On Tue, Oct 11, 2011 at 11:57 PM, Xavier MONTILLET
<[email protected]> wrote:
> Apparently, it is a known problem and the solution is to write the CFG
> differently...
> http://www.google.fr/url?sa=t&source=web&cd=7&ved=0CEsQFjAG&url=http%3A%2F%2Fciteseerx.ist.psu.edu%2Fviewdoc%2Fdownload%3Fdoi%3D10.1.1.3.9583%26rep%3Drep1%26type%3Dpdf&ei=uLmUTqzQMcfrsgaZv6C-BQ&usg=AFQjCNHI7EfNrHlqmZYMIXEDhxibfnrZcg&sig2=Zv7847-YG0CxbfnMbEc4Lw
>
> On Tue, Oct 11, 2011 at 8:37 PM, Xavier MONTILLET
> <[email protected]> wrote:
>> I guess I could try to add a loop that increments a variable
>> containing the number of time it should read the same rule while it
>> doesn't match the whole string and the number of characters matched
>> increases with the variable...
>> But it looks like going around the problem without really fixing it...
>>
>> On Tue, Oct 11, 2011 at 7:57 PM, Xavier MONTILLET
>> <[email protected]> wrote:
>>> I just reformated the whole thing and it kind of works.

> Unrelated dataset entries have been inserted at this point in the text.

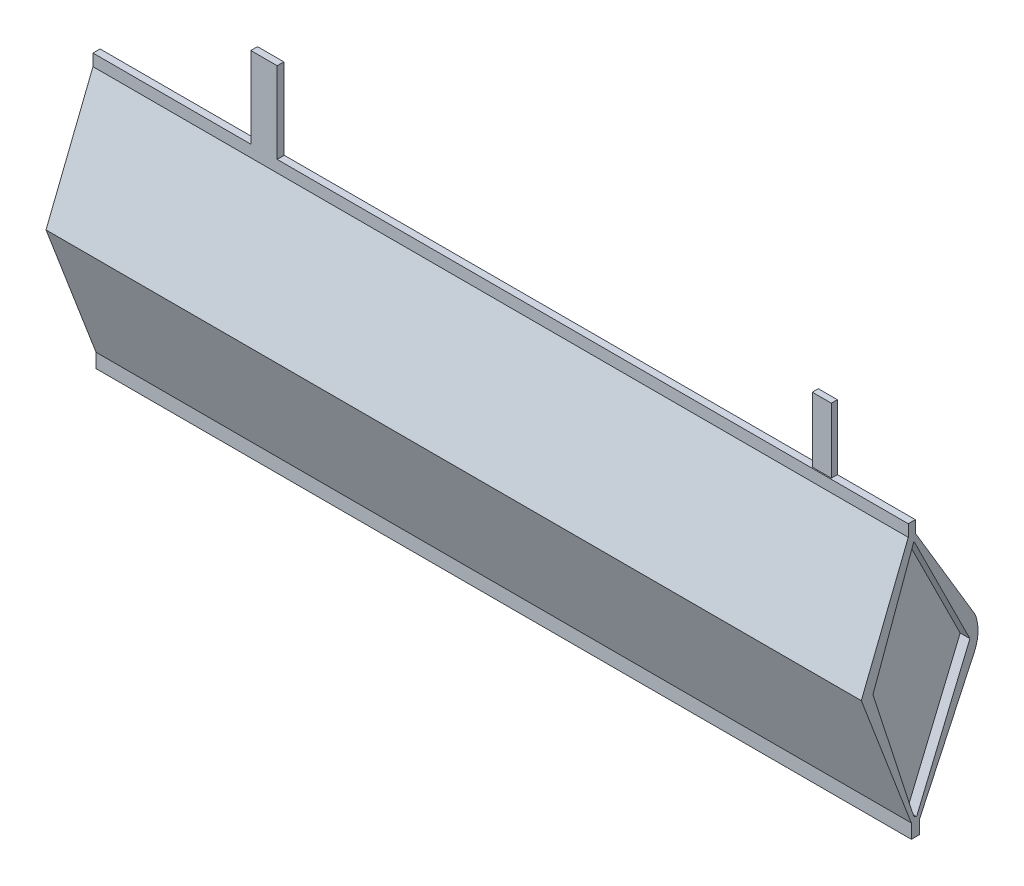
ISO-10303-21;
HEADER;
FILE_DESCRIPTION(('STEP AP214'),'2;1');
FILE_NAME('part.step','',(''),(''),'','','');
FILE_SCHEMA(('AUTOMOTIVE_DESIGN { 1 0 10303 214 1 1 1 1 }'));
ENDSEC;
DATA;
#1=APPLICATION_CONTEXT('core data for automotive mechanical design processes');
#2=APPLICATION_PROTOCOL_DEFINITION('international standard','automotive_design',2000,#1);
#3=PRODUCT_CONTEXT('',#1,'mechanical');
#4=PRODUCT('Part','Part','',(#3));
#5=PRODUCT_RELATED_PRODUCT_CATEGORY('part','',(#4));
#6=PRODUCT_DEFINITION_FORMATION('','',#4);
#7=PRODUCT_DEFINITION_CONTEXT('part definition',#1,'design');
#8=PRODUCT_DEFINITION('design','',#6,#7);
#9=PRODUCT_DEFINITION_SHAPE('','',#8);
#10=(LENGTH_UNIT() NAMED_UNIT(*) SI_UNIT(.MILLI.,.METRE.));
#11=(NAMED_UNIT(*) PLANE_ANGLE_UNIT() SI_UNIT($,.RADIAN.));
#12=(NAMED_UNIT(*) SI_UNIT($,.STERADIAN.) SOLID_ANGLE_UNIT());
#13=UNCERTAINTY_MEASURE_WITH_UNIT(LENGTH_MEASURE(1.E-05),#10,'distance_accuracy_value','');
#14=(GEOMETRIC_REPRESENTATION_CONTEXT(3) GLOBAL_UNCERTAINTY_ASSIGNED_CONTEXT((#13)) GLOBAL_UNIT_ASSIGNED_CONTEXT((#10,
#11,#12)) REPRESENTATION_CONTEXT('',''));
#15=CARTESIAN_POINT('',(0.,0.,0.));
#16=DIRECTION('',(0.,0.,1.));
#17=DIRECTION('',(1.,0.,0.));
#18=AXIS2_PLACEMENT_3D('',#15,#16,#17);
#19=CARTESIAN_POINT('',(-10.1405450074318,17.5056411192811,37.0439177567727));
#20=DIRECTION('',(0.,-1.,0.));
#21=DIRECTION('',(0.,0.,-1.));
#22=AXIS2_PLACEMENT_3D('',#19,#20,#21);
#23=PLANE('',#22);
#24=DIRECTION('',(0.,0.,-1.));
#25=VECTOR('',#24,1.);
#26=CARTESIAN_POINT('',(-62.8147187451587,17.5056411192811,28.9556068649932));
#27=LINE('',#26,#25);
#28=CARTESIAN_POINT('',(-62.8147187451587,17.5056411192811,29.7823314594479));
#29=VERTEX_POINT('',#28);
#30=CARTESIAN_POINT('',(-62.8147187451587,17.5056411192811,28.9556068649932));
#31=VERTEX_POINT('',#30);
#32=EDGE_CURVE('E261',#29,#31,#27,.T.);
#33=ORIENTED_EDGE('',*,*,#32,.F.);
#34=DIRECTION('',(1.,0.,0.));
#35=VECTOR('',#34,1.);
#36=CARTESIAN_POINT('',(-17.0060525794227,17.5056411192811,29.7823314594479));
#37=LINE('',#36,#35);
#38=CARTESIAN_POINT('',(14.9939474205773,17.5056411192811,29.7823314594479));
#39=VERTEX_POINT('',#38);
#40=EDGE_CURVE('E471',#29,#39,#37,.T.);
#41=ORIENTED_EDGE('',*,*,#40,.T.);
#42=DIRECTION('',(0.,0.,-1.));
#43=VECTOR('',#42,1.);
#44=CARTESIAN_POINT('',(14.9939474205773,17.5056411192811,37.0439177567727));
#45=LINE('',#44,#43);
#46=CARTESIAN_POINT('',(14.9939474205773,17.5056411192811,28.9060713444781));
#47=VERTEX_POINT('',#46);
#48=EDGE_CURVE('E475',#39,#47,#45,.T.);
#49=ORIENTED_EDGE('',*,*,#48,.T.);
#50=DIRECTION('',(1.,0.,0.));
#51=VECTOR('',#50,1.);
#52=CARTESIAN_POINT('',(-17.0060525794227,17.5056411192811,28.9060713444781));
#53=LINE('',#52,#51);
#54=CARTESIAN_POINT('',(5.37584407242301,17.5056411192811,28.9060713444781));
#55=VERTEX_POINT('',#54);
#56=EDGE_CURVE('E441',#55,#47,#53,.T.);
#57=ORIENTED_EDGE('',*,*,#56,.F.);
#58=DIRECTION('',(0.,0.,-1.));
#59=VECTOR('',#58,1.);
#60=CARTESIAN_POINT('',(5.37584407242301,17.5056411192811,29.6523771630587));
#61=LINE('',#60,#59);
#62=CARTESIAN_POINT('',(5.37584407242301,17.5056411192811,29.6523771630587));
#63=VERTEX_POINT('',#62);
#64=EDGE_CURVE('E360',#63,#55,#61,.T.);
#65=ORIENTED_EDGE('',*,*,#64,.F.);
#66=DIRECTION('',(1.,0.,0.));
#67=VECTOR('',#66,1.);
#68=CARTESIAN_POINT('',(5.37584407242301,17.5056411192811,29.6523771630587));
#69=LINE('',#68,#67);
#70=CARTESIAN_POINT('',(3.02748880821109,17.5056411192811,29.6523771630587));
#71=VERTEX_POINT('',#70);
#72=EDGE_CURVE('E369',#71,#63,#69,.T.);
#73=ORIENTED_EDGE('',*,*,#72,.F.);
#74=DIRECTION('',(0.,0.,1.));
#75=VECTOR('',#74,1.);
#76=CARTESIAN_POINT('',(3.02748880821109,17.5056411192811,29.6523771630587));
#77=LINE('',#76,#75);
#78=CARTESIAN_POINT('',(3.02748880821109,17.5056411192811,28.9060713444781));
#79=VERTEX_POINT('',#78);
#80=EDGE_CURVE('E355',#79,#71,#77,.T.);
#81=ORIENTED_EDGE('',*,*,#80,.F.);
#82=CARTESIAN_POINT('',(-85.5212621145849,17.5056411192811,28.9060713444781));
#83=VERTEX_POINT('',#82);
#84=EDGE_CURVE('E447',#83,#79,#53,.T.);
#85=ORIENTED_EDGE('',*,*,#84,.F.);
#86=DIRECTION('',(0.,0.,-1.));
#87=VECTOR('',#86,1.);
#88=CARTESIAN_POINT('',(-85.5212621145849,17.5056411192811,28.9060713444781));
#89=LINE('',#88,#87);
#90=CARTESIAN_POINT('',(-85.5212621145849,17.5056411192811,29.7823314594479));
#91=VERTEX_POINT('',#90);
#92=EDGE_CURVE('E303',#91,#83,#89,.T.);
#93=ORIENTED_EDGE('',*,*,#92,.F.);
#94=CARTESIAN_POINT('',(-66.0647373288725,17.5056411192811,29.7823314594479));
#95=VERTEX_POINT('',#94);
#96=EDGE_CURVE('E469',#91,#95,#37,.T.);
#97=ORIENTED_EDGE('',*,*,#96,.T.);
#98=DIRECTION('',(0.,0.,1.));
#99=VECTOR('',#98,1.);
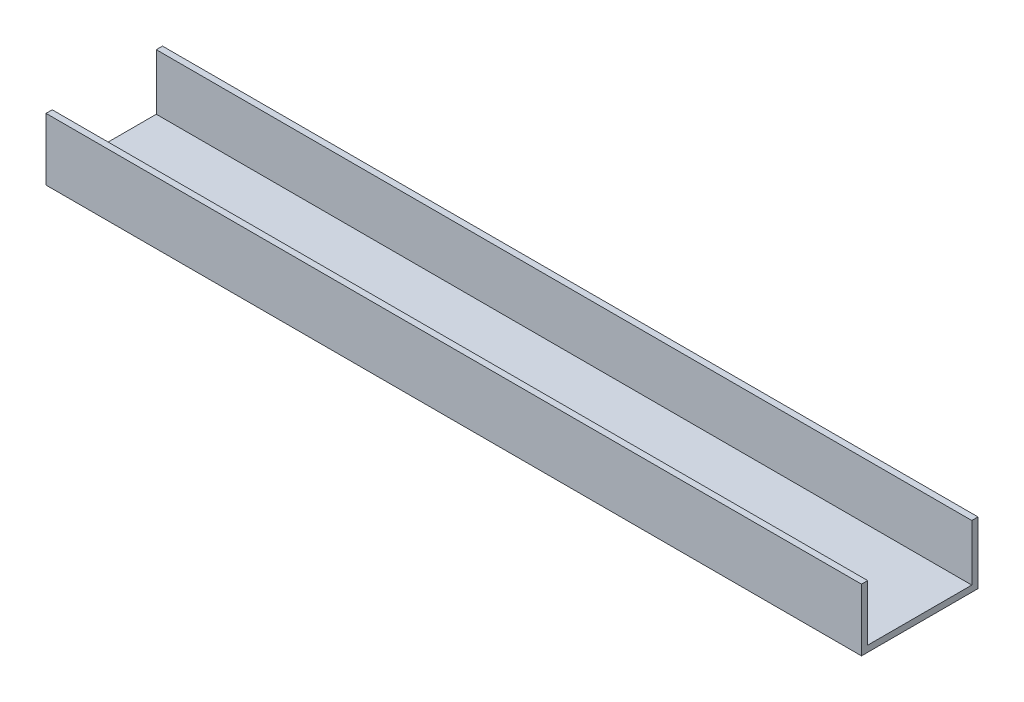
ISO-10303-21;
HEADER;
FILE_DESCRIPTION(('STEP AP214'),'2;1');
FILE_NAME('part.step','',(''),(''),'','','');
FILE_SCHEMA(('AUTOMOTIVE_DESIGN { 1 0 10303 214 1 1 1 1 }'));
ENDSEC;
DATA;
#1=APPLICATION_CONTEXT('core data for automotive mechanical design processes');
#2=APPLICATION_PROTOCOL_DEFINITION('international standard','automotive_design',2000,#1);
#3=PRODUCT_CONTEXT('',#1,'mechanical');
#4=PRODUCT('Part','Part','',(#3));
#5=PRODUCT_RELATED_PRODUCT_CATEGORY('part','',(#4));
#6=PRODUCT_DEFINITION_FORMATION('','',#4);
#7=PRODUCT_DEFINITION_CONTEXT('part definition',#1,'design');
#8=PRODUCT_DEFINITION('design','',#6,#7);
#9=PRODUCT_DEFINITION_SHAPE('','',#8);
#10=(LENGTH_UNIT() NAMED_UNIT(*) SI_UNIT(.MILLI.,.METRE.));
#11=(NAMED_UNIT(*) PLANE_ANGLE_UNIT() SI_UNIT($,.RADIAN.));
#12=(NAMED_UNIT(*) SI_UNIT($,.STERADIAN.) SOLID_ANGLE_UNIT());
#13=UNCERTAINTY_MEASURE_WITH_UNIT(LENGTH_MEASURE(1.E-05),#10,'distance_accuracy_value','');
#14=(GEOMETRIC_REPRESENTATION_CONTEXT(3) GLOBAL_UNCERTAINTY_ASSIGNED_CONTEXT((#13)) GLOBAL_UNIT_ASSIGNED_CONTEXT((#10,
#11,#12)) REPRESENTATION_CONTEXT('',''));
#15=CARTESIAN_POINT('',(0.,0.,0.));
#16=DIRECTION('',(0.,0.,1.));
#17=DIRECTION('',(1.,0.,0.));
#18=AXIS2_PLACEMENT_3D('',#15,#16,#17);
#19=CARTESIAN_POINT('',(0.,4.,0.));
#20=DIRECTION('',(0.,-1.,0.));
#21=DIRECTION('',(0.,0.,-1.));
#22=AXIS2_PLACEMENT_3D('',#19,#20,#21);
#23=PLANE('',#22);
#24=DIRECTION('',(-1.,0.,0.));
#25=VECTOR('',#24,1.);
#26=CARTESIAN_POINT('',(525.,4.,-4.));
#27=LINE('',#26,#25);
#28=CARTESIAN_POINT('',(525.,4.,-4.));
#29=VERTEX_POINT('',#28);
#30=CARTESIAN_POINT('',(0.,4.,-4.));
#31=VERTEX_POINT('',#30);
#32=EDGE_CURVE('E121',#29,#31,#27,.T.);
#33=ORIENTED_EDGE('',*,*,#32,.F.);
#34=DIRECTION('',(0.,0.,-1.));
#35=VECTOR('',#34,1.);
#36=CARTESIAN_POINT('',(525.,4.,0.));
#37=LINE('',#36,#35);
#38=CARTESIAN_POINT('',(525.,4.,-71.));
#39=VERTEX_POINT('',#38);
#40=EDGE_CURVE('E110',#29,#39,#37,.T.);
#41=ORIENTED_EDGE('',*,*,#40,.T.);
#42=DIRECTION('',(1.,0.,0.));
#43=VECTOR('',#42,1.);
#44=CARTESIAN_POINT('',(0.,4.,-71.));
#45=LINE('',#44,#43);
#46=CARTESIAN_POINT('',(0.,4.,-71.));
#47=VERTEX_POINT('',#46);
#48=EDGE_CURVE('E66',#47,#39,#45,.T.);
#49=ORIENTED_EDGE('',*,*,#48,.F.);
#50=DIRECTION('',(0.,0.,1.));
#51=VECTOR('',#50,1.);
#52=CARTESIAN_POINT('',(0.,4.,0.));
#53=LINE('',#52,#51);
#54=EDGE_CURVE('E61',#47,#31,#53,.T.);
#55=ORIENTED_EDGE('',*,*,#54,.T.);
#56=EDGE_LOOP('',(#33,#41,#49,#55));
#57=FACE_BOUND('',#56,.T.);
#58=ADVANCED_FACE('F45',(#57),#23,.F.);
#59=CARTESIAN_POINT('',(0.,4.,0.));
#60=DIRECTION('',(1.,0.,0.));
#61=DIRECTION('',(0.,0.,-1.));
#62=AXIS2_PLACEMENT_3D('',#59,#60,#61);
#63=PLANE('',#62);
#64=DIRECTION('',(0.,0.,1.));
#65=VECTOR('',#64,1.);
#66=CARTESIAN_POINT('',(0.,0.,0.));
#67=LINE('',#66,#65);
#68=CARTESIAN_POINT('',(0.,0.,-75.));
#69=VERTEX_POINT('',#68);
#70=CARTESIAN_POINT('',(0.,0.,0.));
#71=VERTEX_POINT('',#70);
#72=EDGE_CURVE('E172',#69,#71,#67,.T.);
#73=ORIENTED_EDGE('',*,*,#72,.T.);
#74=DIRECTION('',(0.,-1.,0.));
#75=VECTOR('',#74,1.);
#76=CARTESIAN_POINT('',(0.,4.,0.));
#77=LINE('',#76,#75);
#78=CARTESIAN_POINT('',(0.,40.,0.));
#79=VERTEX_POINT('',#78);
#80=EDGE_CURVE('E11',#79,#71,#77,.T.);
#81=ORIENTED_EDGE('',*,*,#80,.F.);
#82=DIRECTION('',(0.,0.,1.));
#83=VECTOR('',#82,1.);
#84=CARTESIAN_POINT('',(0.,40.,0.));
#85=LINE('',#84,#83);
#86=CARTESIAN_POINT('',(0.,40.,-3.99999999999993));
#87=VERTEX_POINT('',#86);
#88=EDGE_CURVE('E141',#87,#79,#85,.T.);
#89=ORIENTED_EDGE('',*,*,#88,.F.);
#90=DIRECTION('',(0.,-1.,0.));
#91=VECTOR('',#90,1.);
#92=CARTESIAN_POINT('',(0.,40.,-3.99999999999993));
#93=LINE('',#92,#91);
#94=EDGE_CURVE('E132',#87,#31,#93,.T.);
#95=ORIENTED_EDGE('',*,*,#94,.T.);
#96=ORIENTED_EDGE('',*,*,#54,.F.);
#97=DIRECTION('',(0.,-1.,0.));
#98=VECTOR('',#97,1.);
#99=CARTESIAN_POINT('',(0.,40.,-71.));
#100=LINE('',#99,#98);
#101=CARTESIAN_POINT('',(0.,40.,-71.));
#102=VERTEX_POINT('',#101);
#103=EDGE_CURVE('E168',#102,#47,#100,.T.);
#104=ORIENTED_EDGE('',*,*,#103,.F.);
#105=DIRECTION('',(0.,0.,1.));
#106=VECTOR('',#105,1.);
#107=CARTESIAN_POINT('',(0.,40.,-75.));
#108=LINE('',#107,#106);
#109=CARTESIAN_POINT('',(0.,40.,-75.));
#110=VERTEX_POINT('',#109);
#111=EDGE_CURVE('E149',#110,#102,#108,.T.);
#112=ORIENTED_EDGE('',*,*,#111,.F.);
#113=DIRECTION('',(0.,-1.,0.));
#114=VECTOR('',#113,1.);
#115=CARTESIAN_POINT('',(0.,4.,-75.));
#116=LINE('',#115,#114);
#117=EDGE_CURVE('E119',#110,#69,#116,.T.);
#118=ORIENTED_EDGE('',*,*,#117,.T.);
#119=EDGE_LOOP('',(#73,#81,#89,#95,#96,#104,#112,#118));
#120=FACE_BOUND('',#119,.T.);
#121=ADVANCED_FACE('F47',(#120),#63,.F.);
#122=CARTESIAN_POINT('',(0.,4.,0.));
#123=DIRECTION('',(0.,0.,-1.));
#124=DIRECTION('',(-1.,0.,0.));
#125=AXIS2_PLACEMENT_3D('',#122,#123,#124);
#126=PLANE('',#125);
#127=DIRECTION('',(1.,0.,0.));
#128=VECTOR('',#127,1.);
#129=CARTESIAN_POINT('',(0.,0.,0.));
#130=LINE('',#129,#128);
#131=CARTESIAN_POINT('',(525.,0.,0.));
#132=VERTEX_POINT('',#131);
#133=EDGE_CURVE('E179',#71,#132,#130,.T.);
#134=ORIENTED_EDGE('',*,*,#133,.T.);
#135=DIRECTION('',(0.,-1.,0.));
#136=VECTOR('',#135,1.);
#137=CARTESIAN_POINT('',(525.,4.,0.));
#138=LINE('',#137,#136);
#139=CARTESIAN_POINT('',(525.,40.,0.));
#140=VERTEX_POINT('',#139);
#141=EDGE_CURVE('E54',#140,#132,#138,.T.);
#142=ORIENTED_EDGE('',*,*,#141,.F.);
#143=DIRECTION('',(1.,0.,0.));
#144=VECTOR('',#143,1.);
#145=CARTESIAN_POINT('',(525.,40.,0.));
#146=LINE('',#145,#144);
#147=EDGE_CURVE('E135',#79,#140,#146,.T.);
#148=ORIENTED_EDGE('',*,*,#147,.F.);
#149=ORIENTED_EDGE('',*,*,#80,.T.);
#150=EDGE_LOOP('',(#134,#142,#148,#149));
#151=FACE_BOUND('',#150,.T.);
#152=ADVANCED_FACE('F226',(#151),#126,.F.);
#153=CARTESIAN_POINT('',(525.,4.,0.));
#154=DIRECTION('',(-1.,0.,0.));
#155=DIRECTION('',(0.,0.,1.));
#156=AXIS2_PLACEMENT_3D('',#153,#154,#155);
#157=PLANE('',#156);
#158=DIRECTION('',(0.,0.,-1.));
#159=VECTOR('',#158,1.);
#160=CARTESIAN_POINT('',(525.,0.,0.));
#161=LINE('',#160,#159);
#162=CARTESIAN_POINT('',(525.,0.,-75.));
#163=VERTEX_POINT('',#162);
#164=EDGE_CURVE('E182',#132,#163,#161,.T.);
#165=ORIENTED_EDGE('',*,*,#164,.T.);
#166=DIRECTION('',(0.,-1.,0.));
#167=VECTOR('',#166,1.);
#168=CARTESIAN_POINT('',(525.,4.,-75.));
#169=LINE('',#168,#167);
#170=CARTESIAN_POINT('',(525.,40.,-75.));
#171=VERTEX_POINT('',#170);
#172=EDGE_CURVE('E190',#171,#163,#169,.T.);
#173=ORIENTED_EDGE('',*,*,#172,.F.);
#174=DIRECTION('',(0.,0.,-1.));
#175=VECTOR('',#174,1.);
#176=CARTESIAN_POINT('',(525.,40.,-75.));
#177=LINE('',#176,#175);
#178=CARTESIAN_POINT('',(525.,40.,-71.));
#179=VERTEX_POINT('',#178);
#180=EDGE_CURVE('E156',#179,#171,#177,.T.);
#181=ORIENTED_EDGE('',*,*,#180,.F.);
#182=DIRECTION('',(0.,-1.,0.));
#183=VECTOR('',#182,1.);
#184=CARTESIAN_POINT('',(525.,40.,-71.));
#185=LINE('',#184,#183);
#186=EDGE_CURVE('E117',#179,#39,#185,.T.);
#187=ORIENTED_EDGE('',*,*,#186,.T.);
#188=ORIENTED_EDGE('',*,*,#40,.F.);
#189=DIRECTION('',(0.,-1.,0.));
#190=VECTOR('',#189,1.);
#191=CARTESIAN_POINT('',(525.,40.,-4.));
#192=LINE('',#191,#190);
#193=CARTESIAN_POINT('',(525.,40.,-4.));
#194=VERTEX_POINT('',#193);
#195=EDGE_CURVE('E114',#194,#29,#192,.T.);
#196=ORIENTED_EDGE('',*,*,#195,.F.);
#197=DIRECTION('',(0.,0.,-1.));
#198=VECTOR('',#197,1.);
#199=CARTESIAN_POINT('',(525.,40.,0.));
#200=LINE('',#199,#198);
#201=EDGE_CURVE('E126',#140,#194,#200,.T.);
#202=ORIENTED_EDGE('',*,*,#201,.F.);
#203=ORIENTED_EDGE('',*,*,#141,.T.);
#204=EDGE_LOOP('',(#165,#173,#181,#187,#188,#196,#202,#203));
#205=FACE_BOUND('',#204,.T.);
#206=ADVANCED_FACE('F111',(#205),#157,.F.);
#207=CARTESIAN_POINT('',(0.,4.,-75.));
#208=DIRECTION('',(0.,0.,1.));
#209=DIRECTION('',(1.,0.,0.));
#210=AXIS2_PLACEMENT_3D('',#207,#208,#209);
#211=PLANE('',#210);
#212=DIRECTION('',(-1.,0.,0.));
#213=VECTOR('',#212,1.);
#214=CARTESIAN_POINT('',(0.,0.,-75.));
#215=LINE('',#214,#213);
#216=EDGE_CURVE('E174',#163,#69,#215,.T.);
#217=ORIENTED_EDGE('',*,*,#216,.T.);
#218=ORIENTED_EDGE('',*,*,#117,.F.);
#219=DIRECTION('',(-1.,0.,0.));
#220=VECTOR('',#219,1.);
#221=CARTESIAN_POINT('',(0.,40.,-75.));
#222=LINE('',#221,#220);
#223=EDGE_CURVE('E160',#171,#110,#222,.T.);
#224=ORIENTED_EDGE('',*,*,#223,.F.);
#225=ORIENTED_EDGE('',*,*,#172,.T.);
#226=EDGE_LOOP('',(#217,#218,#224,#225));
#227=FACE_BOUND('',#226,.T.);
#228=ADVANCED_FACE('F203',(#227),#211,.F.);
#229=CARTESIAN_POINT('',(0.,0.,0.));
#230=DIRECTION('',(0.,-1.,0.));
#231=DIRECTION('',(0.,0.,-1.));
#232=AXIS2_PLACEMENT_3D('',#229,#230,#231);
#233=PLANE('',#232);
#234=ORIENTED_EDGE('',*,*,#72,.F.);
#235=ORIENTED_EDGE('',*,*,#216,.F.);
#236=ORIENTED_EDGE('',*,*,#164,.F.);
#237=ORIENTED_EDGE('',*,*,#133,.F.);
#238=EDGE_LOOP('',(#234,#235,#236,#237));
#239=FACE_BOUND('',#238,.T.);
#240=ADVANCED_FACE('F201',(#239),#233,.T.);
#241=CARTESIAN_POINT('',(0.,40.,-71.));
#242=DIRECTION('',(0.,0.,-1.));
#243=DIRECTION('',(-1.,0.,0.));
#244=AXIS2_PLACEMENT_3D('',#241,#242,#243);
#245=PLANE('',#244);
#246=ORIENTED_EDGE('',*,*,#48,.T.);
#247=ORIENTED_EDGE('',*,*,#186,.F.);
#248=DIRECTION('',(1.,0.,0.));
#249=VECTOR('',#248,1.);
#250=CARTESIAN_POINT('',(0.,40.,-71.));
#251=LINE('',#250,#249);
#252=EDGE_CURVE('E153',#102,#179,#251,.T.);
#253=ORIENTED_EDGE('',*,*,#252,.F.);
#254=ORIENTED_EDGE('',*,*,#103,.T.);
#255=EDGE_LOOP('',(#246,#247,#253,#254));
#256=FACE_BOUND('',#255,.T.);
#257=ADVANCED_FACE('F211',(#256),#245,.F.);
#258=CARTESIAN_POINT('',(0.,40.,0.));
#259=DIRECTION('',(0.,1.,0.));
#260=DIRECTION('',(0.,0.,1.));
#261=AXIS2_PLACEMENT_3D('',#258,#259,#260);
#262=PLANE('',#261);
#263=ORIENTED_EDGE('',*,*,#111,.T.);
#264=ORIENTED_EDGE('',*,*,#252,.T.);
#265=ORIENTED_EDGE('',*,*,#180,.T.);
#266=ORIENTED_EDGE('',*,*,#223,.T.);
#267=EDGE_LOOP('',(#263,#264,#265,#266));
#268=FACE_BOUND('',#267,.T.);
#269=ADVANCED_FACE('F209',(#268),#262,.T.);
#270=CARTESIAN_POINT('',(525.,40.,-4.));
#271=DIRECTION('',(0.,0.,1.));
#272=DIRECTION('',(1.,0.,0.));
#273=AXIS2_PLACEMENT_3D('',#270,#271,#272);
#274=PLANE('',#273);
#275=ORIENTED_EDGE('',*,*,#32,.T.);
#276=ORIENTED_EDGE('',*,*,#94,.F.);
#277=DIRECTION('',(-1.,0.,0.));
#278=VECTOR('',#277,1.);
#279=CARTESIAN_POINT('',(525.,40.,-4.));
#280=LINE('',#279,#278);
#281=EDGE_CURVE('E129',#194,#87,#280,.T.);
#282=ORIENTED_EDGE('',*,*,#281,.F.);
#283=ORIENTED_EDGE('',*,*,#195,.T.);
#284=EDGE_LOOP('',(#275,#276,#282,#283));
#285=FACE_BOUND('',#284,.T.);
#286=ADVANCED_FACE('F128',(#285),#274,.F.);
#287=CARTESIAN_POINT('',(0.,40.,0.));
#288=DIRECTION('',(0.,1.,0.));
#289=DIRECTION('',(0.,0.,1.));
#290=AXIS2_PLACEMENT_3D('',#287,#288,#289);
#291=PLANE('',#290);
#292=ORIENTED_EDGE('',*,*,#201,.T.);
#293=ORIENTED_EDGE('',*,*,#281,.T.);
#294=ORIENTED_EDGE('',*,*,#88,.T.);
#295=ORIENTED_EDGE('',*,*,#147,.T.);
#296=EDGE_LOOP('',(#292,#293,#294,#295));
#297=FACE_BOUND('',#296,.T.);
#298=ADVANCED_FACE('F235',(#297),#291,.T.);
#299=CLOSED_SHELL('',(#58,#121,#152,#206,#228,#240,#257,#269,#286,#298));
#300=MANIFOLD_SOLID_BREP('B2',#299);
#301=ADVANCED_BREP_SHAPE_REPRESENTATION('',(#18,#300),#14);
#302=SHAPE_DEFINITION_REPRESENTATION(#9,#301);
ENDSEC;
END-ISO-10303-21;

>>> http://jsfiddle.net/xavierm02/ndDVa/1/
>>> I get a CST and I think I can manage to turn it into an AST.
>>> But I still have a problem with the CFG... As shown, it works
>>>
>>> But if I change the order of the things to match it fails. At last on
>>> recursive rules.
>>> Here is an example :
>>>
>>> Text
>>>    Text Letter
>>>
>>> The code about won't work with my "parser" but if i rewrite it to
>>> avoid having the recursive rule first, it works:
>>>
>>> Text
>>>    Letter Text
>>>
>>> The above example works...
>>>
>>> But I'm quite sure I won't always be able to avoid having a recursive
>>> rule as first rule so... Do you guys see anything I could do to avoid
>>> it?
>>>
>>> I tried allowing a given number of recursion before simply returning
>>> false when seeing a recursive rule but if you have more than that
>>> number, it fails :/
>>> And it I don't do it at all, I get an infinite loop.
>>>
>>> Here's the exact same code except I changed the order in the
>>> declaration of MultiplicativeExpression or AdditiveExpression.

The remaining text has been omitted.